### Problem description:
Reproduce the section of the listing that begins at the line containing "of A4.centre L4.end" and finishes at the line containing "of L7.start L7.end". Include both end lines and nothing beyond them.

### Supplied data:
= = = = =

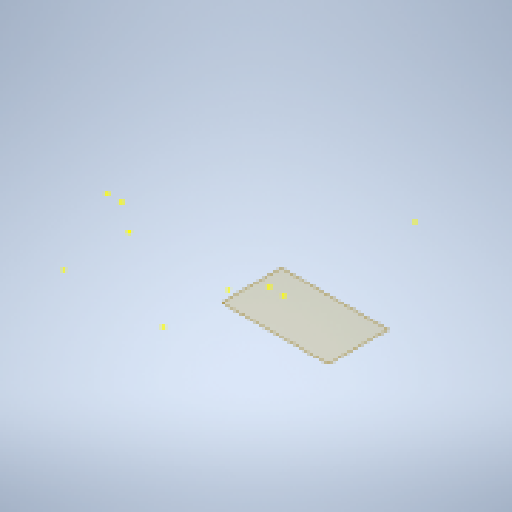
# Autodesk Inventor part: OCOTPUS_BOX_BACKING
Saved by Autodesk Inventor 2025.2 (Build 292293000, 293)
## iProperties
Created: 2026-03-26
Part Number: OCOTPUS_BOX_BACKING
Material: Generic
Document SubType Name: Sheet Metal
Designer: composite
Density: 1 g/cm^3
Sheet Metal Rule: Default_mm
Appearance: Default
Author: composite
Autodesk Inventor part; units mm, degrees
ref_plane "YZ Plane" through (0, 0, 0) normal (1, 0, 0) x (0, 1, 0)
ref_plane "XZ Plane" through (0, 0, 0) normal (0, 1, 0) x (-1, 0, 0)
ref_plane "XY Plane" through (0, 0, 0) normal (0, 0, 1) x (1, 0, 0)
ref_plane "Work Plane1" through (45.6354, 347.161, 237.8796) normal (0, 1, 0) x (-1, 0, 0)
sketch "Sketch1" plane through (45.6354, 347.161, 237.8796) normal (0, 1, 0) x (-1, 0, 0)
  circle A0 centre (74.35, -12.65) radius 2.75 projected
  circle A1 centre (49.35, -12.65) radius 2.75 projected
  circle A2 centre (355.85, -12.65) radius 2.75 projected
  circle A3 centre (330.85, -12.65) radius 2.75 projected
  circle A4 centre (278.85, 26.85) radius 2 projected
  circle A5 centre (278.85, 139.85) radius 2 projected
  circle A6 centre (105.85, 139.85) radius 2 projected
  circle A7 centre (105.85, 26.85) radius 2 projected
  line L0 (102.35, 141.35) -> (102.35, 25.35) projected
  circle A8 centre (105.85, 26.85) radius 3 projected
  circle A9 centre (278.85, 139.85) radius 3 projected
  circle A10 centre (117.35, 38.35) radius 1.75 projected
  circle A11 centre (267.35, 128.35) radius 1.75 projected
  circle A12 centre (267.35, 38.35) radius 1.75 projected
  circle A13 centre (117.35, 128.35) radius 1.75 projected
  arc A14 (280.35, 23.35) -> (282.35, 25.35) centre (280.35, 25.35) ccw projected
  line L1 (104.35, 23.35) -> (280.35, 23.35) projected
  arc A15 (102.35, 25.35) -> (104.35, 23.35) centre (104.35, 25.35) ccw projected
  line L2 (102.35, 141.35) -> (102.35, 25.35) projected
  arc A16 (104.35, 143.35) -> (102.35, 141.35) centre (104.35, 141.35) ccw projected
  line L3 (280.35, 143.35) -> (104.35, 143.35) projected
  arc A17 (282.35, 141.35) -> (280.35, 143.35) centre (280.35, 141.35) ccw projected
  line L4 (282.35, 25.35) -> (282.35, 141.35) projected
  circle A18 centre (105.85, 139.85) radius 3 projected
  circle A19 centre (278.85, 26.85) radius 3 projected
  line L5 (-3.9627, -32.65) -> (79.35, -32.65) projected
  line L6 (409.1627, -32.65) -> (325.85, -32.65) projected
  point P0 (45.6354, -237.8796)
sketch "Sketch2" plane through (45.6354, 347.161, 237.8796) normal (0, 1, 0) x (-1, 0, 0)
  arc A0 (104.35, 143.35) -> (102.35, 141.35) centre (104.35, 141.35) ccw
  line L0 (280.35, 143.35) -> (104.35, 143.35)
  arc A1 (282.35, 141.35) -> (280.35, 143.35) centre (280.35, 141.35) ccw
  circle A2 centre (278.85, 139.85) radius 2
  circle A3 centre (105.85, 139.85) radius 2
  circle A4 centre (105.85, 26.85) radius 2
  circle A5 centre (278.85, 26.85) radius 2
  line L1 (104.35, 23.35) -> (280.35, 23.35)
  circle A6 centre (330.85, -12.65) radius 2.75
  circle A7 centre (355.85, -12.65) radius 2.75
  circle A8 centre (49.35, -12.65) radius 2.75
  circle A9 centre (74.35, -12.65) radius 2.75
  line L2 (-3.9627, -32.65) -> (79.35, -32.65)
  line L3 (409.1627, -32.65) -> (325.85, -32.65)
  circle A10 centre (74.35, -12.65) radius 3.25
  circle A11 centre (49.35, -12.65) radius 3.25
  circle A12 centre (330.85, -12.65) radius 3.25
  circle A13 centre (355.85, -12.65) radius 3.25
  line L4 (79.35, -32.65) -> (115.85, 23.35)
  line L5 (115.85, 23.35) -> (268.85, 23.35)
  line L6 (268.85, 23.35) -> (325.85, -32.65)
  line L7 (370.85, -32.65) -> (370.85, 7.35)
  line L8 (370.85, 7.35) -> (282.35, 68.35)
  line L9 (282.35, 68.35) -> (282.35, 141.35)
  line L10 (34.35, -32.65) -> (34.35, 7.35)
  line L11 (34.35, 7.35) -> (102.35, 83.35)
  line L12 (102.35, 141.35) -> (102.35, 83.35)
  point P0 (45.6354, -237.8796)
  dimension "d0" = 0.5
  dimension "d1" = 0.5
  dimension "d2" = 0.5
  dimension "d3" = 0.5
  dimension "d4" = 45
  dimension "d5" = 45
  dimension "d6" = 60
  dimension "d7" = 75
  dimension "d8" = 10
  dimension "d9" = 10
  dimension "d10" = 40
  dimension "d11" = 40
  measures "d0" radial gap between concentric circles of A9 A10
  measures "d1" radial gap between concentric circles of A8 A11
  measures "d2" radial gap between concentric circles of A6 A12
  measures "d3" radial gap between concentric circles of A7 A13
  measures "d4" distance of L10.start L2.end
  measures "d5" distance of L7.start L3.end
  measures "d6" distance from line of L11.end L0
  measures "d7" distance from line of L0 L8.end
  measures "d8" horizontal distance of A4.centre L4.end
  measures "d9" horizontal distance of L5.end A5.centre
  measures "d10" distance of L10.start L10.end
  measures "d11" distance of L7.start L7.end
extrude "Plate1" add sketch "Sketch2" along normal blind 2 contours L0 A1 L9 L8 L7 L3 L6 L1 L4 L2 L10 L11 L12 A0
fillet "Corner Round1" radius 8 10 edges at (-56.7146, 348.161, 321.2296) (11.2854, 348.161, 245.2296) (11.2854, 348.161, 205.2296) (-33.7146, 348.161, 205.2296) (-70.2146, 348.161, 261.2296) (-223.2146, 348.161, 261.2296) (-280.2146, 348.161, 205.2296) (-325.2146, 348.161, 205.2296) (-325.2146, 348.161, 245.2296) (-236.7146, 348.161, 306.2296)
sketch "Sketch3" plane through (45.6354, 349.161, 237.8796) normal (0, 1, 0) x (1, 0, 0)
  circle A0 centre (-105.85, -26.85) radius 2 projected
  line L0 (-105.85, -26.85) -> (-278.85, -139.85) construction
  line L1 (-105.85, -139.85) -> (-278.85, -26.85) construction
  line L2 (-105.85, -139.85) -> (-105.85, -26.85)
  line L3 (-102.35, -141.35) -> (-102.35, -86.4065) projected
  line L4 (-105.85, -26.85) -> (-278.85, -26.85)
  circle A1 centre (-278.85, -139.85) radius 2 projected
  line L5 (-278.85, -26.85) -> (-278.85, -139.85)
  line L6 (-278.85, -139.85) -> (-105.85, -139.85)
  line L7 (-115.85, -129.85) -> (-115.85, -36.85)
  line L8 (-115.85, -36.85) -> (-268.85, -36.85)
  line L9 (-268.85, -129.85) -> (-105.85, -129.85)
  line L10 (-268.85, -36.85) -> (-268.85, -129.85)
  line L11 (-115.85, -42.9372) -> (-248.9112, -129.85)
  line L12 (-115.85, -123.7628) -> (-248.9112, -36.85)
  line L13 (-135.7888, -129.85) -> (-268.85, -42.9372)
  line L14 (-135.7888, -36.85) -> (-268.85, -123.7628)
  point P0 (-45.6354, 237.8796)
  point P1 (-105.85, -26.85)
  point P2 (-192.35, -73.7946)
  point P3 (-177.721, -83.35)
  point P4 (-192.35, -92.9054)
  point P5 (-206.979, -83.35)
  dimension "d15" = 10
  dimension "d16" = 10
  dimension "d17" = 10
  dimension "d18" = 10
  dimension "d23" = 8
  dimension "d24" = 8
  dimension "d25" = 8
  dimension "d26" = 8
  dimension "d27" = 3.5
  constraints: 28 end point, 9 point on line, 7 parallel, 2 perpendicular, 1 vertical
  measures "d15" distance between parallel lines of L2 L7
  measures "d16" distance between parallel lines of L4 L8
  measures "d17" distance between parallel lines of L6 L9
  measures "d18" distance between parallel lines of L5 L10
  measures "d23" distance between parallel lines of L1 L13
  measures "d24" distance between parallel lines of L1 L12
  measures "d25" distance between parallel lines of L0 L11
  measures "d26" distance between parallel lines of L14 L0
  measures "d27" distance from line of L9.end L3
extrude "Cut1" cut sketch "Sketch3" against normal blind 2 contours L12 L11 L7 | L9 L11 L13 | L12 L8 L14 | L14 L10 L13
fillet "Corner Round2" radius 8 12 edges at (-70.2146, 348.161, 361.6424) (-132.0856, 348.161, 321.2296) (-70.2146, 348.161, 280.8167) (-90.1534, 348.161, 274.7296) (-146.7146, 348.161, 311.6742) (-203.2759, 348.161, 274.7296) (-223.2146, 348.161, 280.8167) (-223.2146, 348.161, 361.6424) (-161.3436, 348.161, 321.2296) (-146.7146, 348.161, 330.7849) (-203.2759, 348.161, 367.7296) (-90.1534, 348.161, 367.7296)
equation "\"d4\" = d5"
equation "\"d9\" = d8"
equation "\"d11\" = d10"
equation "\"d16\" = d15"
equation "\"d17\" = d15"
equation "\"d18\" = d15"
equation "\"d24\" = d23"
equation "\"d25\" = d23"
equation "\"d26\" = d23"
equation "\"d28\" = Thickness"
equation "\"d13\" = Thickness"
equation "\"Thickness\" = 2"
body "Solid1"

= = = = =

### Answer to this problem:
  measures "d8" horizontal distance of A4.centre L4.end
  measures "d9" horizontal distance of L5.end A5.centre
  measures "d10" distance of L10.start L10.end
  measures "d11" distance of L7.start L7.end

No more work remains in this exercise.